In the material below, find the line containing "J4.8, U2.54 (GPIO43_ADC3)" and the line containing "H1: RaspberryPi-CM5-Carrier-Tall-Pad-Via-Standoff". Output those two lines and all lines between them exactly, without pictures.

━━━ Provided data ━━━

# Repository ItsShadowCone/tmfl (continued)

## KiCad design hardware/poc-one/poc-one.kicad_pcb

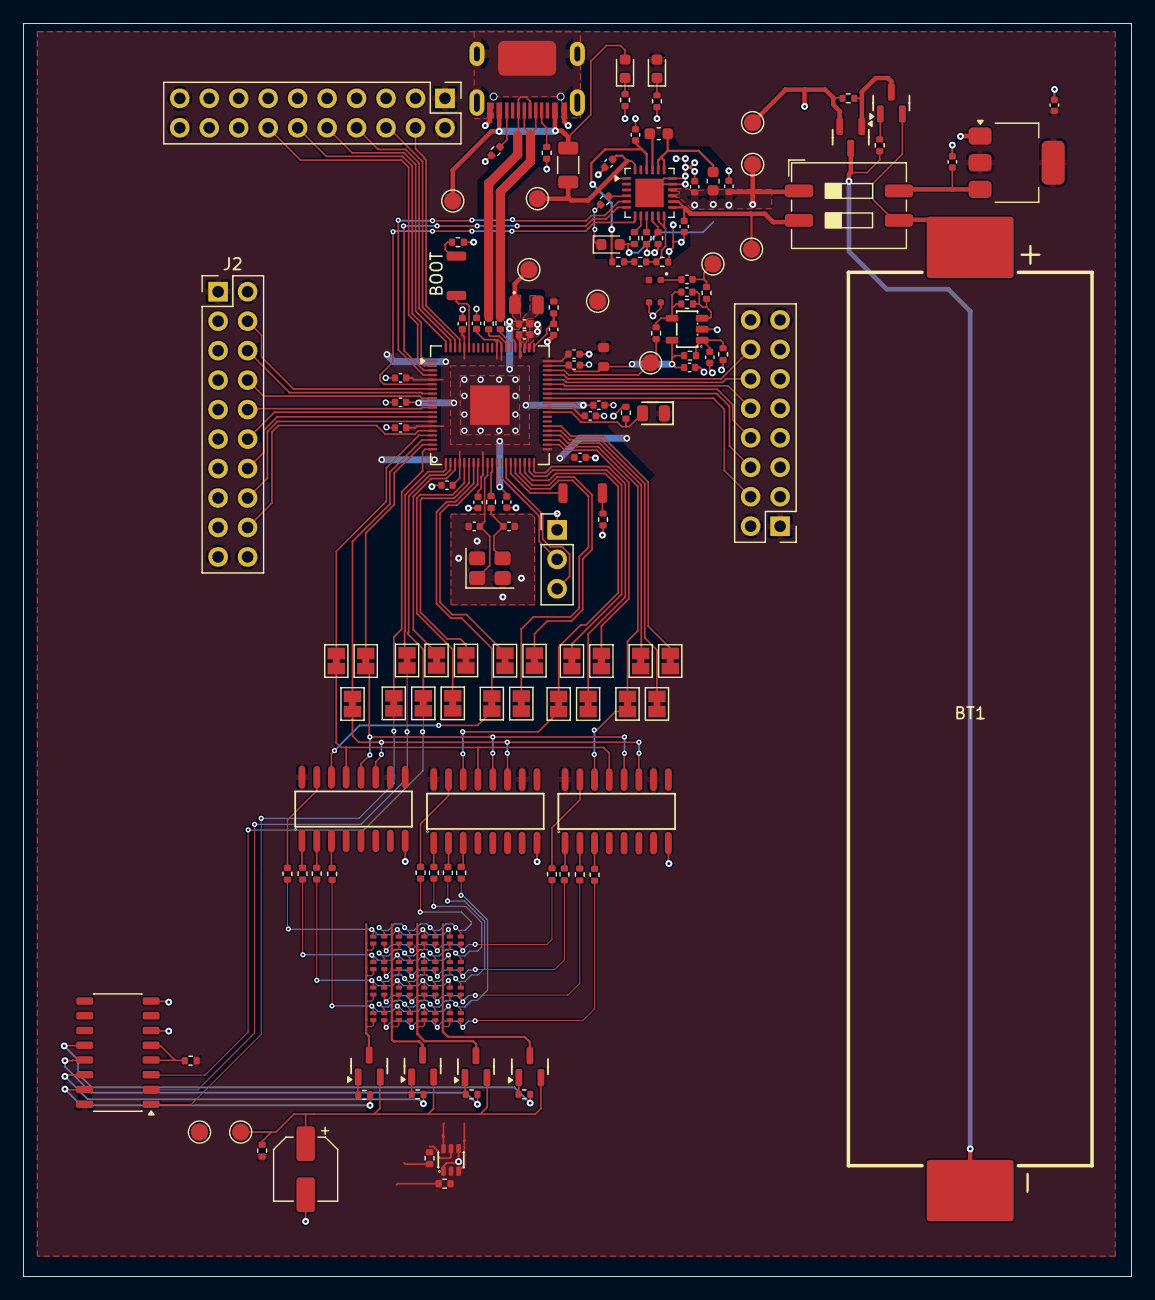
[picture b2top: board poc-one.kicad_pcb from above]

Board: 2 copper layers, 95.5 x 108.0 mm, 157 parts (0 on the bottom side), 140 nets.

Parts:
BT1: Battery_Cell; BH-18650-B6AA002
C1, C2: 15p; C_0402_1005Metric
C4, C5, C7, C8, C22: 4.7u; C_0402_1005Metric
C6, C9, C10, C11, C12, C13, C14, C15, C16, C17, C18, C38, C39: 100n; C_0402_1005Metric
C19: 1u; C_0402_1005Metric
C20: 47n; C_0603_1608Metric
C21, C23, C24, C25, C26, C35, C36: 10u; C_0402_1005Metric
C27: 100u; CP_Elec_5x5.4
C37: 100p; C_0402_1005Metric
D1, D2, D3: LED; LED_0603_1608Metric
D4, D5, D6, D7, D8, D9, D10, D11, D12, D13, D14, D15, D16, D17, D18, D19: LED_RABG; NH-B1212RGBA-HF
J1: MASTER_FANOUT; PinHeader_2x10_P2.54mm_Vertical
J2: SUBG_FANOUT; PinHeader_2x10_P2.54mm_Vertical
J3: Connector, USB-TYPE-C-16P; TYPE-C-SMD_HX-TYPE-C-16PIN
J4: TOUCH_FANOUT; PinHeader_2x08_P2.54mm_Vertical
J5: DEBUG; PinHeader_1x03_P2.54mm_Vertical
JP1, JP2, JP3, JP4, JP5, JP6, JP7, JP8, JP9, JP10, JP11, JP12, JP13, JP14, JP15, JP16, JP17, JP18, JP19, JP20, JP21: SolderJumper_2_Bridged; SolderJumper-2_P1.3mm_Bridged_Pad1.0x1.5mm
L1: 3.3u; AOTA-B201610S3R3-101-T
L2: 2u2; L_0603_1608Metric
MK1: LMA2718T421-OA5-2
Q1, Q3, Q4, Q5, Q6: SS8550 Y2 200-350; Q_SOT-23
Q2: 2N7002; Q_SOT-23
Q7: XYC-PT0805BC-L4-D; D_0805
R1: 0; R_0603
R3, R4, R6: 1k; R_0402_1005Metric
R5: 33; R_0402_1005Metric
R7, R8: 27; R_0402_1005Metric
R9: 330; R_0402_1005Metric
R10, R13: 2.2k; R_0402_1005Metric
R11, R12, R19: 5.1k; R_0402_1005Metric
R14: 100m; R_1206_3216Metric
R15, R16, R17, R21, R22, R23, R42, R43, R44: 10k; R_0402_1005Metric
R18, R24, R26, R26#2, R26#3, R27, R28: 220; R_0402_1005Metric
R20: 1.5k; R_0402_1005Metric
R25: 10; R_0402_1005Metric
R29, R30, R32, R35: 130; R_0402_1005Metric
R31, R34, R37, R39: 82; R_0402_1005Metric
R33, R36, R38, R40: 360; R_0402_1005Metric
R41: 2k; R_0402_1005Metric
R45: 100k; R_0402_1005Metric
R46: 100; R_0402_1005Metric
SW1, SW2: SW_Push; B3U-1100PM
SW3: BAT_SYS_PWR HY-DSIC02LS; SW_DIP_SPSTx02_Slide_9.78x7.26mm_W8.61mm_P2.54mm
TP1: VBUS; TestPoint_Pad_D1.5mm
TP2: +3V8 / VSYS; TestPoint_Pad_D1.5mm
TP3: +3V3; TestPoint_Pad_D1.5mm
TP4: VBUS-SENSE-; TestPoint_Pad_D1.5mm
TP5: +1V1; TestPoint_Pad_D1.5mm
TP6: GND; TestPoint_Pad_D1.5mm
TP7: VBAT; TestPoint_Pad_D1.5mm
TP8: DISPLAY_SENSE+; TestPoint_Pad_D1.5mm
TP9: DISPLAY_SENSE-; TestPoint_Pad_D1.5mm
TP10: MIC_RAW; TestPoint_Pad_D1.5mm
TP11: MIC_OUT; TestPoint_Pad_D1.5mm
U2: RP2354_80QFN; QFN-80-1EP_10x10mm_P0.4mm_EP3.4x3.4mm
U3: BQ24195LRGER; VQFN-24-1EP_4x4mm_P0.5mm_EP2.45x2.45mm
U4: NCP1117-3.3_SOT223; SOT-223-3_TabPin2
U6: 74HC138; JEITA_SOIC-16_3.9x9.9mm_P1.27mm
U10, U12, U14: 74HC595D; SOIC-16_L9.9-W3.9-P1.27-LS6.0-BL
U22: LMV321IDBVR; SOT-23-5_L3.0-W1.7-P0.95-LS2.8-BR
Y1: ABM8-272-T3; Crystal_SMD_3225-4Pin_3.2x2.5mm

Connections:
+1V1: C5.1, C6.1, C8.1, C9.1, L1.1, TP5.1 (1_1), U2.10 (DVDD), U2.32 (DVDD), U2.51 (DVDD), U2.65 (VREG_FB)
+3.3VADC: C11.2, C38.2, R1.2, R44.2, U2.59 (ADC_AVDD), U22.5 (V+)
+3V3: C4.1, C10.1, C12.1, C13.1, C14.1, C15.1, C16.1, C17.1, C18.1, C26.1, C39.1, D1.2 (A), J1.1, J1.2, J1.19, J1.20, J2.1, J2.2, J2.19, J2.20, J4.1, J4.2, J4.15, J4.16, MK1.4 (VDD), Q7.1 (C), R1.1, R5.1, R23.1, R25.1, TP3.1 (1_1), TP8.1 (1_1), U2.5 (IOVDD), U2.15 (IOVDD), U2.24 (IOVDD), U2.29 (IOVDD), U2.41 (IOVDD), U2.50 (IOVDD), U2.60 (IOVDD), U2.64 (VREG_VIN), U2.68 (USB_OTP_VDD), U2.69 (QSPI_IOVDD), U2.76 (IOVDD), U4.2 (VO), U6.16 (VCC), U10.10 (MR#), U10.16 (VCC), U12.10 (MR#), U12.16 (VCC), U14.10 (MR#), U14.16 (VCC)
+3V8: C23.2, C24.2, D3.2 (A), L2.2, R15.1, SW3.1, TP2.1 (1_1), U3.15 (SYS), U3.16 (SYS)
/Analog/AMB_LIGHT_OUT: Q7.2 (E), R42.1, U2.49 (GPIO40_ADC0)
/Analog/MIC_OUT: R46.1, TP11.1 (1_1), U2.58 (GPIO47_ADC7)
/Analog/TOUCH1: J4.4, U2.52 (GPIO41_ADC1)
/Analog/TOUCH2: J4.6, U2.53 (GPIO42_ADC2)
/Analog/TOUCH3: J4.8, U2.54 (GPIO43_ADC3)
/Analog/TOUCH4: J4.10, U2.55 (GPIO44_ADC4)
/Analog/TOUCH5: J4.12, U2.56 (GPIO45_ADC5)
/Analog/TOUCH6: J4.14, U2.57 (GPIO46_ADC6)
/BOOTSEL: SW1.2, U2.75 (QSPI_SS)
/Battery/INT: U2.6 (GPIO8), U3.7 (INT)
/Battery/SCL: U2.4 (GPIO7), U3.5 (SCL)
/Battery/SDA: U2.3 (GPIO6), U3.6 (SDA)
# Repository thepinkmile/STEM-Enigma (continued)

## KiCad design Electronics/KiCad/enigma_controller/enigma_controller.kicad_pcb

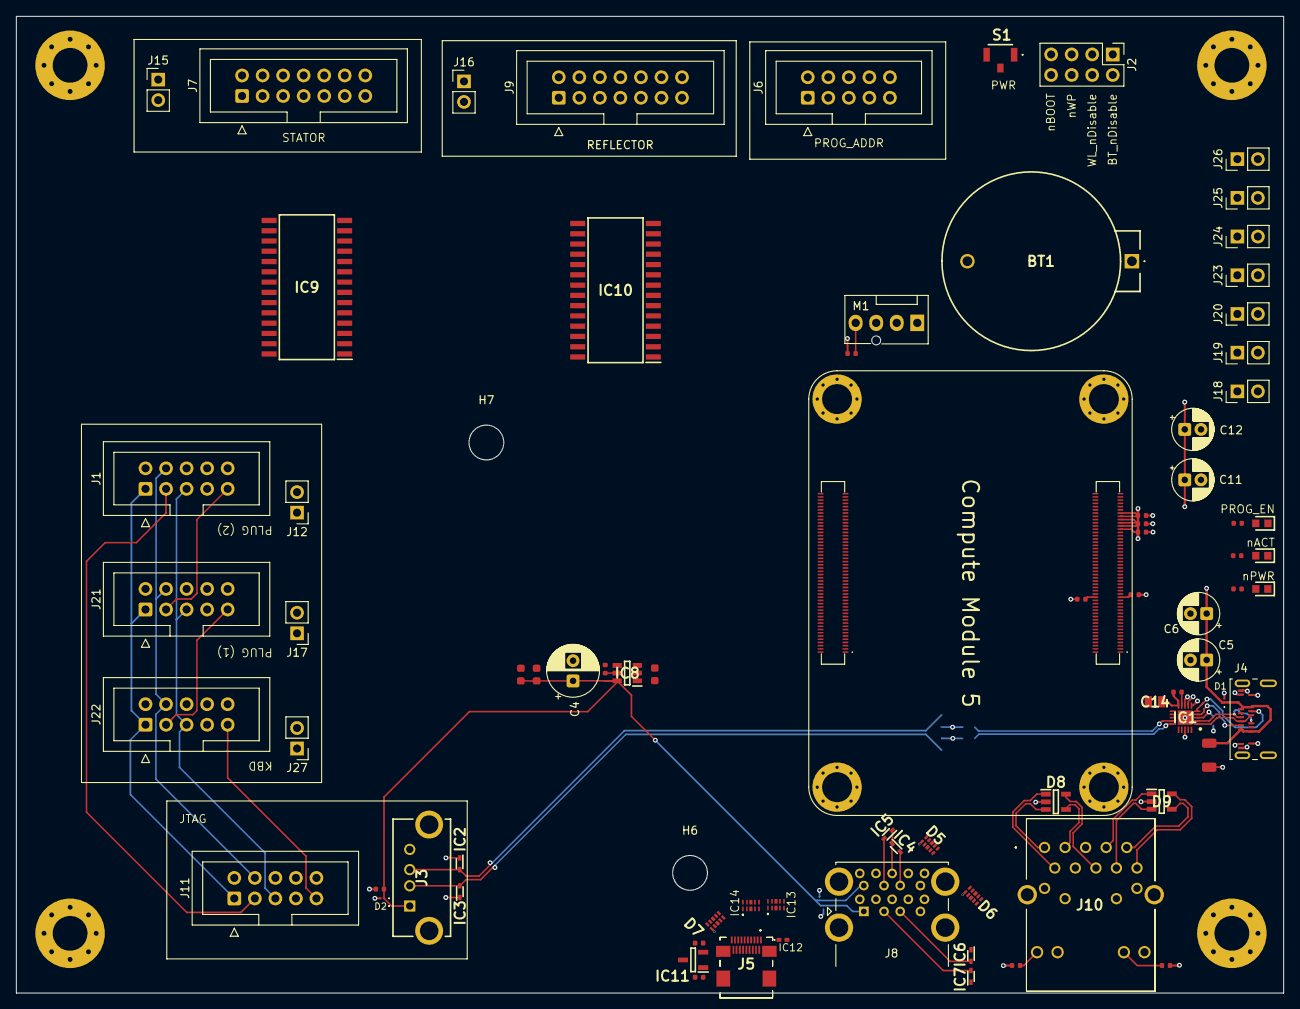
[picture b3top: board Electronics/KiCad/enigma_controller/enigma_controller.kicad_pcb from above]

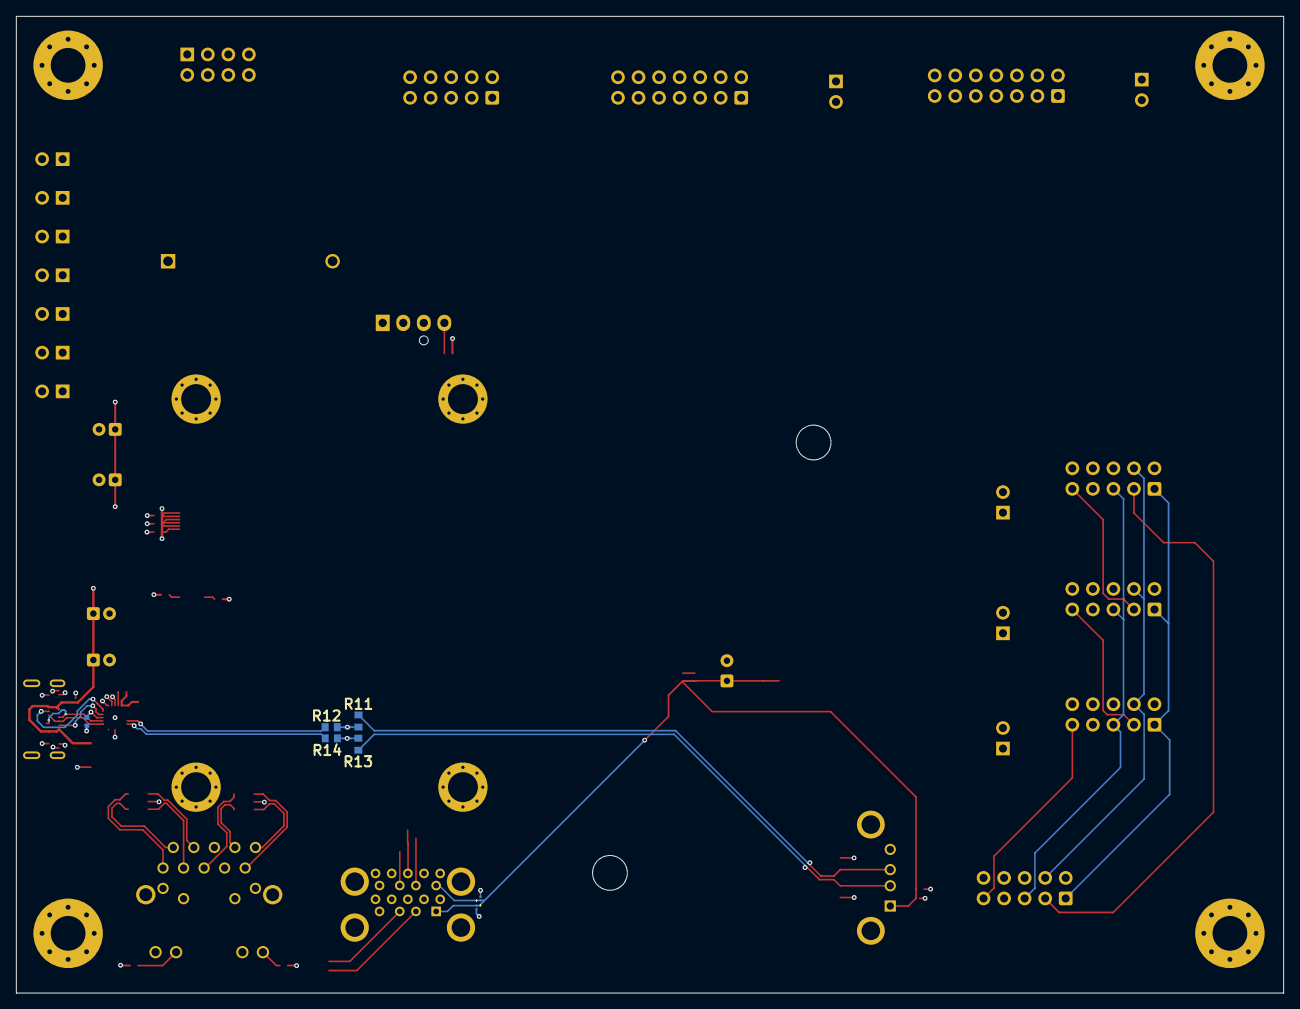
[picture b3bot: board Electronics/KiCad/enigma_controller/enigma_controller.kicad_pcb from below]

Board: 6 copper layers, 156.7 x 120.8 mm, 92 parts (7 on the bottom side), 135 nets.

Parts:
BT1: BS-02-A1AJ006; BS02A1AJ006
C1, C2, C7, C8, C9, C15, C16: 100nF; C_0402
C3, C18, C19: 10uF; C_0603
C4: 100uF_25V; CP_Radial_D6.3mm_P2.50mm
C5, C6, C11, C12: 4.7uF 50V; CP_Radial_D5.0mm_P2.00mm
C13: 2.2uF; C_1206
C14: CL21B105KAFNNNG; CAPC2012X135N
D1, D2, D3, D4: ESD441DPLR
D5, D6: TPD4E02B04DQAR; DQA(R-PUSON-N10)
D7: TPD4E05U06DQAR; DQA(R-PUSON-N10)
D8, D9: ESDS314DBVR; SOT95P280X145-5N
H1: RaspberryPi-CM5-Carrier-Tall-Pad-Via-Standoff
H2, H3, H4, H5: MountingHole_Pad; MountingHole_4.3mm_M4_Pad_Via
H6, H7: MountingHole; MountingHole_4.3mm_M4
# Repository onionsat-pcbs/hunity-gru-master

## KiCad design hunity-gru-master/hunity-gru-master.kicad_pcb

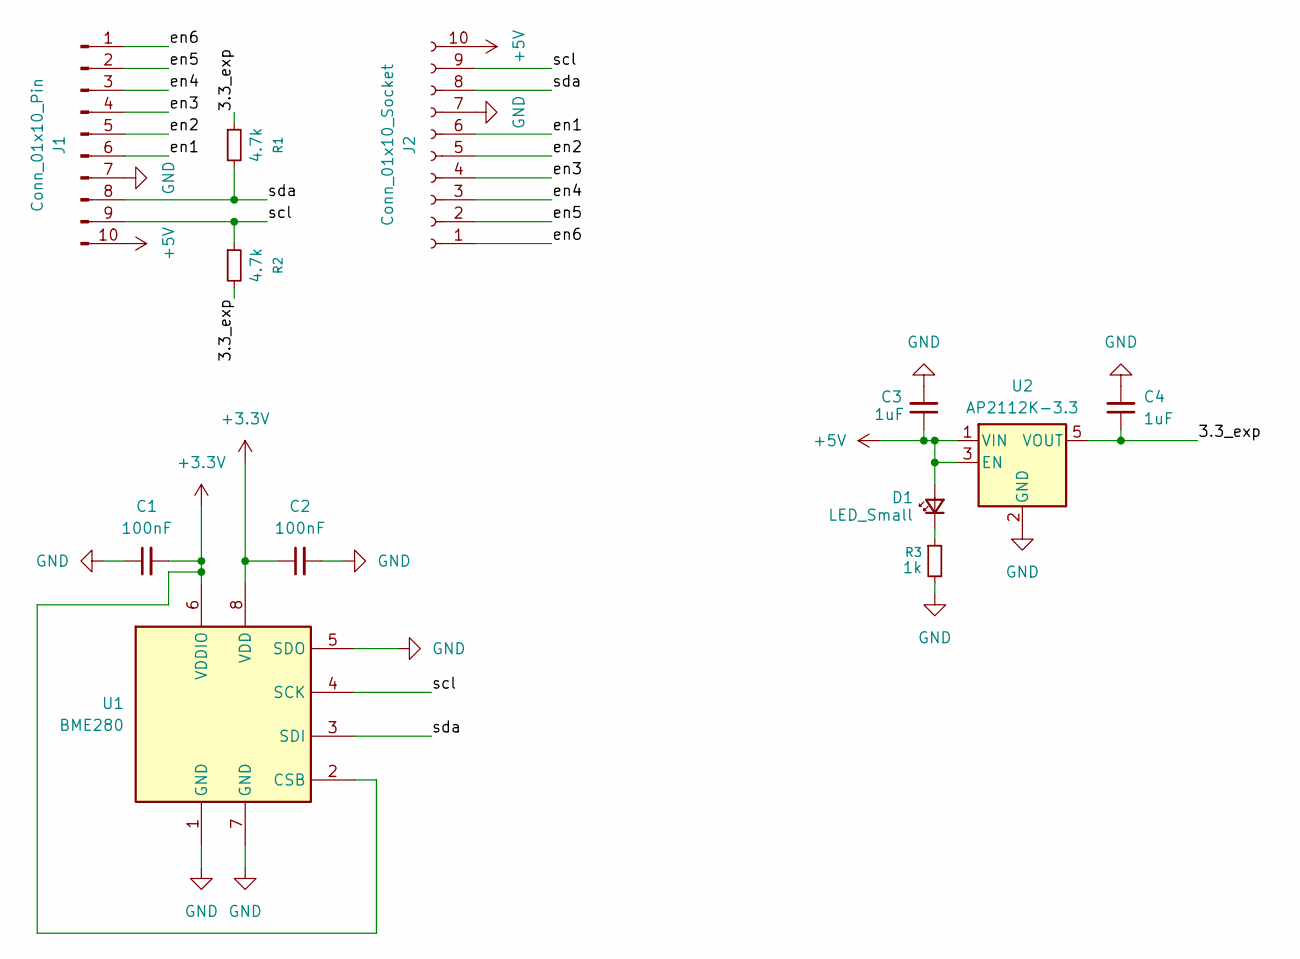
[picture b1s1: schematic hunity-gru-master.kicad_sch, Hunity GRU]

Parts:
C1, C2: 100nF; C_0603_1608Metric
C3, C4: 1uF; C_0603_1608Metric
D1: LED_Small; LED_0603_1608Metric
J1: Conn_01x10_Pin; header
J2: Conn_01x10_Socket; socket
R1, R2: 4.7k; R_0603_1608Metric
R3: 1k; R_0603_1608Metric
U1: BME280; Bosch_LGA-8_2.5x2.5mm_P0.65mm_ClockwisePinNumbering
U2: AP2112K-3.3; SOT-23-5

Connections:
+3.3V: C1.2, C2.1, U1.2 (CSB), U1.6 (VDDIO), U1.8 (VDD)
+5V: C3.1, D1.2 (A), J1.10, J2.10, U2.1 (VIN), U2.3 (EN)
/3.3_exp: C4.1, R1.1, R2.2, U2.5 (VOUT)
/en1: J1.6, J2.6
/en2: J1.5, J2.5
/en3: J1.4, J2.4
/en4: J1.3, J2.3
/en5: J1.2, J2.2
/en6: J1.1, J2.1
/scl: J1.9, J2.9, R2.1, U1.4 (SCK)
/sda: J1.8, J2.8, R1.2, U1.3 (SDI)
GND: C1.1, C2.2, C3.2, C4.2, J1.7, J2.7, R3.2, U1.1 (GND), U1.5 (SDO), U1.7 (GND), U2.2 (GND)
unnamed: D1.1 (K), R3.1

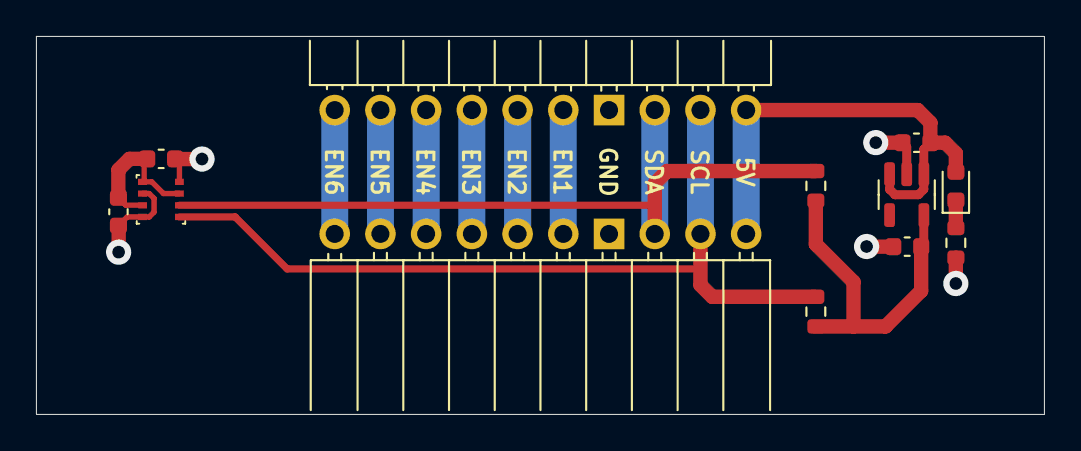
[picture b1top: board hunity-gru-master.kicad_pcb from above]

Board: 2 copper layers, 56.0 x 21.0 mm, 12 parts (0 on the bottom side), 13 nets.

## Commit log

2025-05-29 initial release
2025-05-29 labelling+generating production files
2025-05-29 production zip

━━━

Task answer:
/Analog/TOUCH3: J4.8, U2.54 (GPIO43_ADC3)
/Analog/TOUCH4: J4.10, U2.55 (GPIO44_ADC4)
/Analog/TOUCH5: J4.12, U2.56 (GPIO45_ADC5)
/Analog/TOUCH6: J4.14, U2.57 (GPIO46_ADC6)
/BOOTSEL: SW1.2, U2.75 (QSPI_SS)
/Battery/INT: U2.6 (GPIO8), U3.7 (INT)
/Battery/SCL: U2.4 (GPIO7), U3.5 (SCL)
/Battery/SDA: U2.3 (GPIO6), U3.6 (SDA)
# Repository thepinkmile/STEM-Enigma (continued)

## KiCad design Electronics/KiCad/enigma_controller/enigma_controller.kicad_pcb

[picture b3top: board Electronics/KiCad/enigma_controller/enigma_controller.kicad_pcb from above]

[picture b3bot: board Electronics/KiCad/enigma_controller/enigma_controller.kicad_pcb from below]

Board: 6 copper layers, 156.7 x 120.8 mm, 92 parts (7 on the bottom side), 135 nets.

Parts:
BT1: BS-02-A1AJ006; BS02A1AJ006
C1, C2, C7, C8, C9, C15, C16: 100nF; C_0402
C3, C18, C19: 10uF; C_0603
C4: 100uF_25V; CP_Radial_D6.3mm_P2.50mm
C5, C6, C11, C12: 4.7uF 50V; CP_Radial_D5.0mm_P2.00mm
C13: 2.2uF; C_1206
C14: CL21B105KAFNNNG; CAPC2012X135N
D1, D2, D3, D4: ESD441DPLR
D5, D6: TPD4E02B04DQAR; DQA(R-PUSON-N10)
D7: TPD4E05U06DQAR; DQA(R-PUSON-N10)
D8, D9: ESDS314DBVR; SOT95P280X145-5N
H1: RaspberryPi-CM5-Carrier-Tall-Pad-Via-Standoff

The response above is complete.